History

United Kingdom
- Name: HMS Dart
- In service: 15 June 1803
- Out of service: 10 January 1805

General characteristics
- Tons burthen: 5583⁄94 (bm)
- Sail plan: Cutter
- Complement: 21
- Armament: 6 × 3-pounder guns

= HM hired armed cutter Dart =

HM hired armed cutter Dart was a hired armed vessel that served the Royal Navy between 15 June 1803 and 10 January 1805.

Dart was under the command of Lieutenant Norton on 3 July when she arrived at Torbay, together with he hired cutter Venus. Their role was to be to escort the Torbay fishing vessels. Still, on 6 September 1803 Dart brought into Dartmouth the smuggling cutter Dart and the smuggling lugger Clenk with 220 and 62 casks of foreign spirits.
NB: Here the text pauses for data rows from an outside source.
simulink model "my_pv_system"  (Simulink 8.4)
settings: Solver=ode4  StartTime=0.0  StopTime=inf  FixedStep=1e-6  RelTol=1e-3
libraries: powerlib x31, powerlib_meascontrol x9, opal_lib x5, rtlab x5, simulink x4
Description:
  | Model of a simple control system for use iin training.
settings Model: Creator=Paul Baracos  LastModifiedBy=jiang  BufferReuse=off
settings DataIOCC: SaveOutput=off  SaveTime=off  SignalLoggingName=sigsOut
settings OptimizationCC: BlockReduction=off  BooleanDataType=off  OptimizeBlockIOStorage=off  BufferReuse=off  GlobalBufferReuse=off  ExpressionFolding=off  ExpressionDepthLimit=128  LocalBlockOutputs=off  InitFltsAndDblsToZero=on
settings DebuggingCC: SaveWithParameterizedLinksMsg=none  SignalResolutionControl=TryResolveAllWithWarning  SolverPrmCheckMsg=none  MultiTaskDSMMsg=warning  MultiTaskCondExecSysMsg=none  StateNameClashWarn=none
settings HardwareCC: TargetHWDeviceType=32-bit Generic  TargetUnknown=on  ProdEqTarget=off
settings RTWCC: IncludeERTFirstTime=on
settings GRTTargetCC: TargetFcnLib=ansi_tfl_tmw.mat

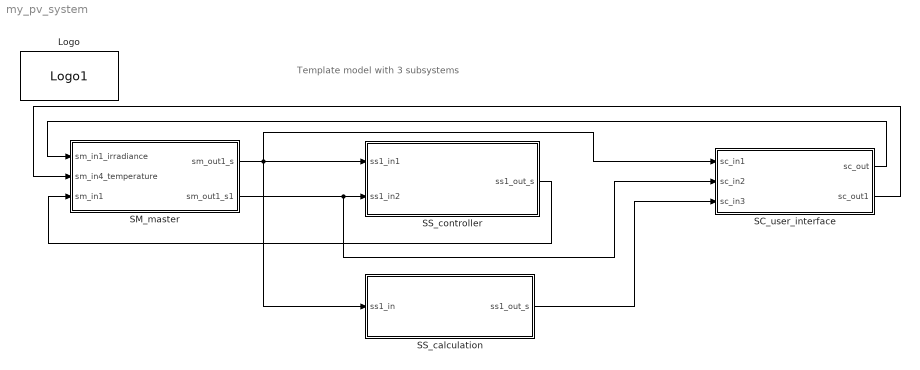
== system my_pv_system ==
  note: Template model with 3 subsystems
  Logo : opal_lib/Logo1  vide=[]
  SC_user_interface : Subsystem
  SM_master : Subsystem
  SS_calculation : Subsystem
  SS_controller : Subsystem
  wires:
  SC_user_interface/1(sc_out) -> SM_master/1(sm_in1_irradiance)
  SM_master/1(sm_out1_s) -> SC_user_interface/1(sc_in1), SS_calculation/1(ss1_in), SS_controller/1(ss1_in1)
  SM_master/2(sm_out1_s1) -> SC_user_interface/2(sc_in2), SS_controller/2(ss1_in2)
  SS_controller/1(ss1_out_s) -> SM_master/3(sm_in1)
  SC_user_interface/2(sc_out1) -> SM_master/2(sm_in4_temperature)
  SS_calculation/1(ss1_out_s) -> SC_user_interface/3(sc_in3)

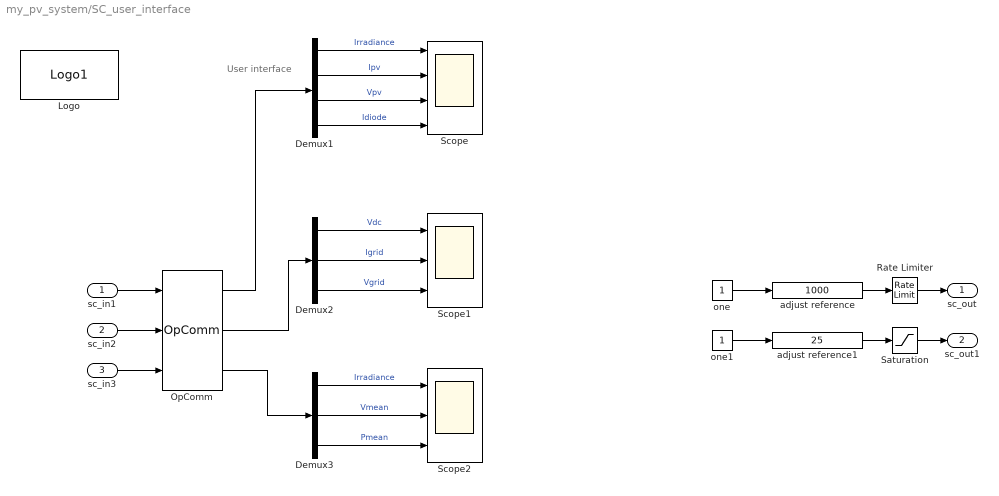
== system my_pv_system/SC_user_interface ==
  note: User interface
  sc_in1 : Inport
  sc_in2 : Inport  Port=2
  sc_in3 : Inport  Port=3
  Demux1 : Demux
  Demux2 : Demux  Outputs=3
  Demux3 : Demux  Outputs=3
  Logo : opal_lib/Logo1  vide=[]
  OpComm : rtlab/OpComm  nbport=3  groupe_acq=1  subsys_rate=0  st=0  Synchronization=on  Interpolation=on  Threshold=1.0  Missed_Data=off  Sim_Time=off  Samples=off  dynSigOut=off  from_console=0  warning_done=off  writeOpCommFile=off  Offset=off
  Rate Limiter : RateLimiter  RisingSlewLimit=8000  FallingSlewLimit=-8000  SampleTimeMode=inherited  InitialCondition=1000
  Saturation : Saturate  UpperLimit=55  LowerLimit=5
  Scope : Scope  NumInputPorts=4
      settings: YMin=0~-5~-5~-5  YMax=100~5~5~5
  Scope1 : Scope  NumInputPorts=3
      settings: YMin=0~-5~-5  YMax=100~5~5
  Scope2 : Scope  NumInputPorts=3
      settings: YMin=0~-5~-5  YMax=100~5~5  SaveName=ScopeData2
  adjust reference : simulink/Math Operations/Slider Gain  low=0  gain=1000  high=1000
  adjust reference1 : simulink/Math Operations/Slider Gain  low=0  gain=25  high=60
  one : Constant
  one1 : Constant
  sc_out : Outport
  sc_out1 : Outport  Port=2
  wires:
  sc_in1/1 -> OpComm/1
  one/1 -> adjust reference/1
  sc_in2/1 -> OpComm/2
  one1/1 -> adjust reference1/1
  sc_in3/1 -> OpComm/3
  Rate Limiter/1 -> sc_out/1
  Saturation/1 -> sc_out1/1
  adjust reference/1 -> Rate Limiter/1
  adjust reference1/1 -> Saturation/1
  OpComm/2 -> Demux2/1
  OpComm/1 -> Demux1/1
  Demux1/2 -> Scope/2  "Ipv"
  Demux1/3 -> Scope/3  "Vpv"
  Demux1/4 -> Scope/4  "Idiode"
  Demux1/1 -> Scope/1  "Irradiance"
  Demux2/2 -> Scope1/2  "Igrid"
  Demux2/3 -> Scope1/3  "Vgrid"
  Demux2/1 -> Scope1/1  "Vdc"
  Demux3/1 -> Scope2/1  "Irradiance"
  Demux3/3 -> Scope2/3  "Pmean"
  Demux3/2 -> Scope2/2  "Vmean"
  OpComm/3 -> Demux3/1

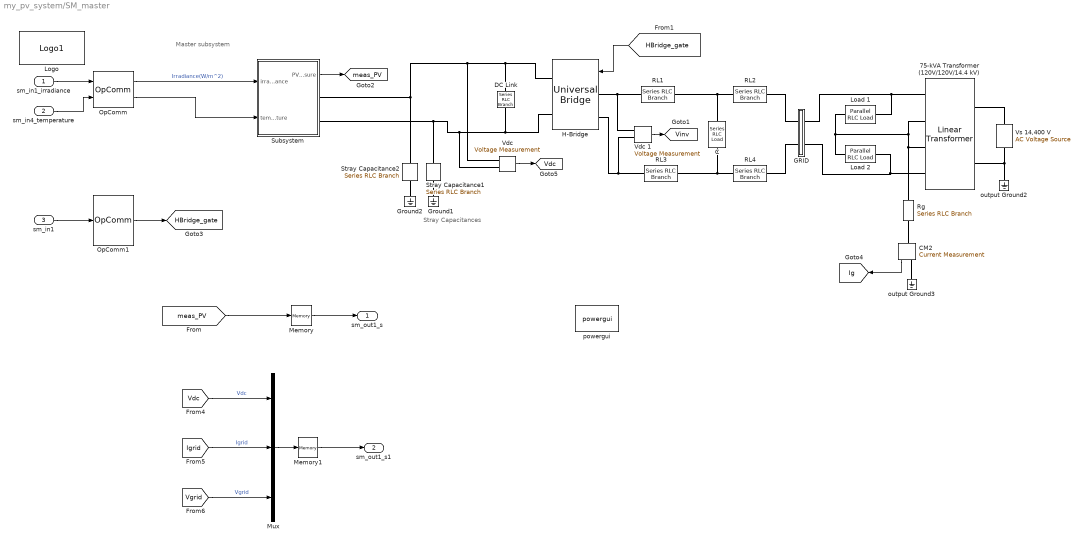
== system my_pv_system/SM_master ==
  note: Master subsystem
  note: Stray
      | Capacitances
  sm_in1_irradiance : Inport
  sm_in4_temperature : Inport  Port=2
  sm_in1 : Inport  Port=3
  75-kVA Transformer (120V/120V/14.4 kV) : powerlib/Elements/Linear Transformer  UNITS=pu  NominalPower=[75e3,60]  winding1=[14.4e3 0.01,0.03]  winding2=[120,0.02,0]  ThreeWindings=on  winding3=[120,0.02,0]  RmLm=[50,50]  Measurements=None  DataType=off
  C : powerlib/Elements/Series RLC Load  LConnTagsString=a  RConnTagsString=__new0  NominalVoltage=240  NominalFrequency=60  ActivePower=10.5  InductivePower=0  CapacitivePower=525  Setx0=off  InitialVoltage=0  SetiL0=off  InitialCurrent=0  Measurements=None
  CM2 : powerlib/Measurements/Current Measurement  PhasorSimulation=off  OutputType=Complex  PSBequivalent=0
  DC Link : powerlib/Elements/Series RLC Branch  LConnTagsString=__new0  RConnTagsString=__new0  BranchType=C  Resistance=1.0  Inductance=1.0  SetiL0=off  InitialCurrent=0  Capacitance=3000e-6  Setx0=on  InitialVoltage=425  Measurements=None
  GRID : Subsystem
  Ground1 : powerlib/Elements/Ground  LConnTagsString=a
  Ground2 : powerlib/Elements/Ground  LConnTagsString=a
  "H-Bridge " : powerlib/Power Electronics/Universal Bridge  Arms=2  SnubberResistance=1e6  SnubberCapacitance=inf  Device=IGBT / Diodes  Ron=1e-3  Lon=0  ForwardVoltages=[ 0 0 ]  ForwardVoltage=0  GTOparameters=[ 10e-6 , 20e-6 ]  IGBTparameters=[ 1e-6 , 2e-6 ]*0  Measurements=None  Measurements_2=None  converterType=Rectifier
  Load 1 : powerlib/Elements/Parallel RLC Load  LConnTagsString=a  RConnTagsString=__new0  NominalVoltage=120  NominalFrequency=50  ActivePower=5e3  InductivePower=2e3  CapacitivePower=0  Setx0=off  InitialVoltage=0  SetiL0=off  InitialCurrent=0  Measurements=None
      settings: AttributesFormatString=\n
  Load 2 : powerlib/Elements/Parallel RLC Load  LConnTagsString=a  RConnTagsString=__new0  NominalVoltage=120  NominalFrequency=50  ActivePower=5e3  InductivePower=2e3  CapacitivePower=0  Setx0=off  InitialVoltage=0  SetiL0=off  InitialCurrent=0  Measurements=None
      settings: AttributesFormatString=\n
  Logo : opal_lib/Logo1  vide=[]
  Memory : Memory  InheritSampleTime=on
  Memory1 : Memory  InheritSampleTime=on
  Mux : Mux  Inputs=3
  OpComm : rtlab/OpComm  nbport=2  groupe_acq=1  subsys_rate=0  st=0  Synchronization=on  Interpolation=on  Threshold=1.0  Missed_Data=off  Sim_Time=off  Samples=off  dynSigOut=off  from_console=1  warning_done=off  writeOpCommFile=off  Offset=off
  OpComm1 : rtlab/OpComm  nbport=1  groupe_acq=1  subsys_rate=0  st=0  Synchronization=on  Interpolation=on  Threshold=1.0  Missed_Data=off  Sim_Time=off  Samples=off  dynSigOut=off  from_console=0  warning_done=off  writeOpCommFile=off  Offset=off
  RL{1..4} (4 alike) : powerlib/Elements/Series RLC Branch  LConnTagsString=__new0  RConnTagsString=__new0  BranchType=RL  Resistance=8.23e-3  Inductance=2.183e-3  SetiL0=off  InitialCurrent=0  Capacitance=1e-6  Setx0=off  InitialVoltage=0  Measurements=None
  Rg : powerlib/Elements/Series RLC Branch  LConnTagsString=__new0  RConnTagsString=__new0  BranchType=R  Resistance=0.2  Inductance=1  SetiL0=off  InitialCurrent=0  Capacitance=50e-9  Setx0=off  InitialVoltage=0  Measurements=None
  Stray Capacitance1 : powerlib/Elements/Series RLC Branch  LConnTagsString=__new0  RConnTagsString=__new0  BranchType=C  Resistance=1e-3  Inductance=1  SetiL0=off  InitialCurrent=0  Capacitance=4e-9  Setx0=off  InitialVoltage=0  Measurements=None
  Stray Capacitance2 : powerlib/Elements/Series RLC Branch  LConnTagsString=__new0  RConnTagsString=__new0  BranchType=C  Resistance=1e-3  Inductance=1  SetiL0=off  InitialCurrent=0  Capacitance=4e-9  Setx0=off  InitialVoltage=0  Measurements=None
  Subsystem : Subsystem
  "Vdc " : powerlib/Measurements/Voltage Measurement  Tag=PoWeRsYsTeMmEaSuReMeNt  PhasorSimulation=off  OutputType=Magnitude  PSBequivalent=0
  Vdc 1 : powerlib/Measurements/Voltage Measurement  Tag=PoWeRsYsTeMmEaSuReMeNt  PhasorSimulation=off  OutputType=Magnitude  PSBequivalent=0
  Vs 14,400 V : powerlib/Electrical Sources/AC Voltage Source  Description=source block  Amplitude=14400*sqrt(2)  Phase=0  Frequency=50  SampleTime=0  Measurements=None
      settings: AttributesFormatString=\n
  output Ground2 : powerlib/Elements/Ground  LConnTagsString=a
  output Ground3 : powerlib/Elements/Ground  LConnTagsString=a
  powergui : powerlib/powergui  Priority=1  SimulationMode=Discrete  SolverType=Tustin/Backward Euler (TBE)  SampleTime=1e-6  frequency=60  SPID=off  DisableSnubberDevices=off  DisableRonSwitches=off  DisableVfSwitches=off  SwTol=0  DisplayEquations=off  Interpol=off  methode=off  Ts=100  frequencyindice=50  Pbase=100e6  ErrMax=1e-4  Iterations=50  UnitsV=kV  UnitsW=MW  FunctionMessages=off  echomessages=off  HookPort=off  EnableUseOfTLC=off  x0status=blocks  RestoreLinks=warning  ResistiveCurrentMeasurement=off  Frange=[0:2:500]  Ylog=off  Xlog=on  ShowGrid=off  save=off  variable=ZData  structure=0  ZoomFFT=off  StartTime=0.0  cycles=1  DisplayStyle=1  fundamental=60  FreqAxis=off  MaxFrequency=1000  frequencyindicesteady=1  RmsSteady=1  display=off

Ann was sailing from Teignmouth to Shields when a French privateer of 14 guns captured her. Dart recaptured Ann, which arrived at Dartmouth on 2 June 1804. Dart fired on the privateer, which had a crew of 60 men, but declined the opportunity to engage Dart.

Dart detained St Andre, Salvo, master, which was sailing from Cadiz to Dieppe. St Andre arrived at Dartmouth on 10 July.

On 11 September Dart brought into Dartmouth the smuggling lugger Hope, of Beer, with 130 casks of spirits and some tobacco.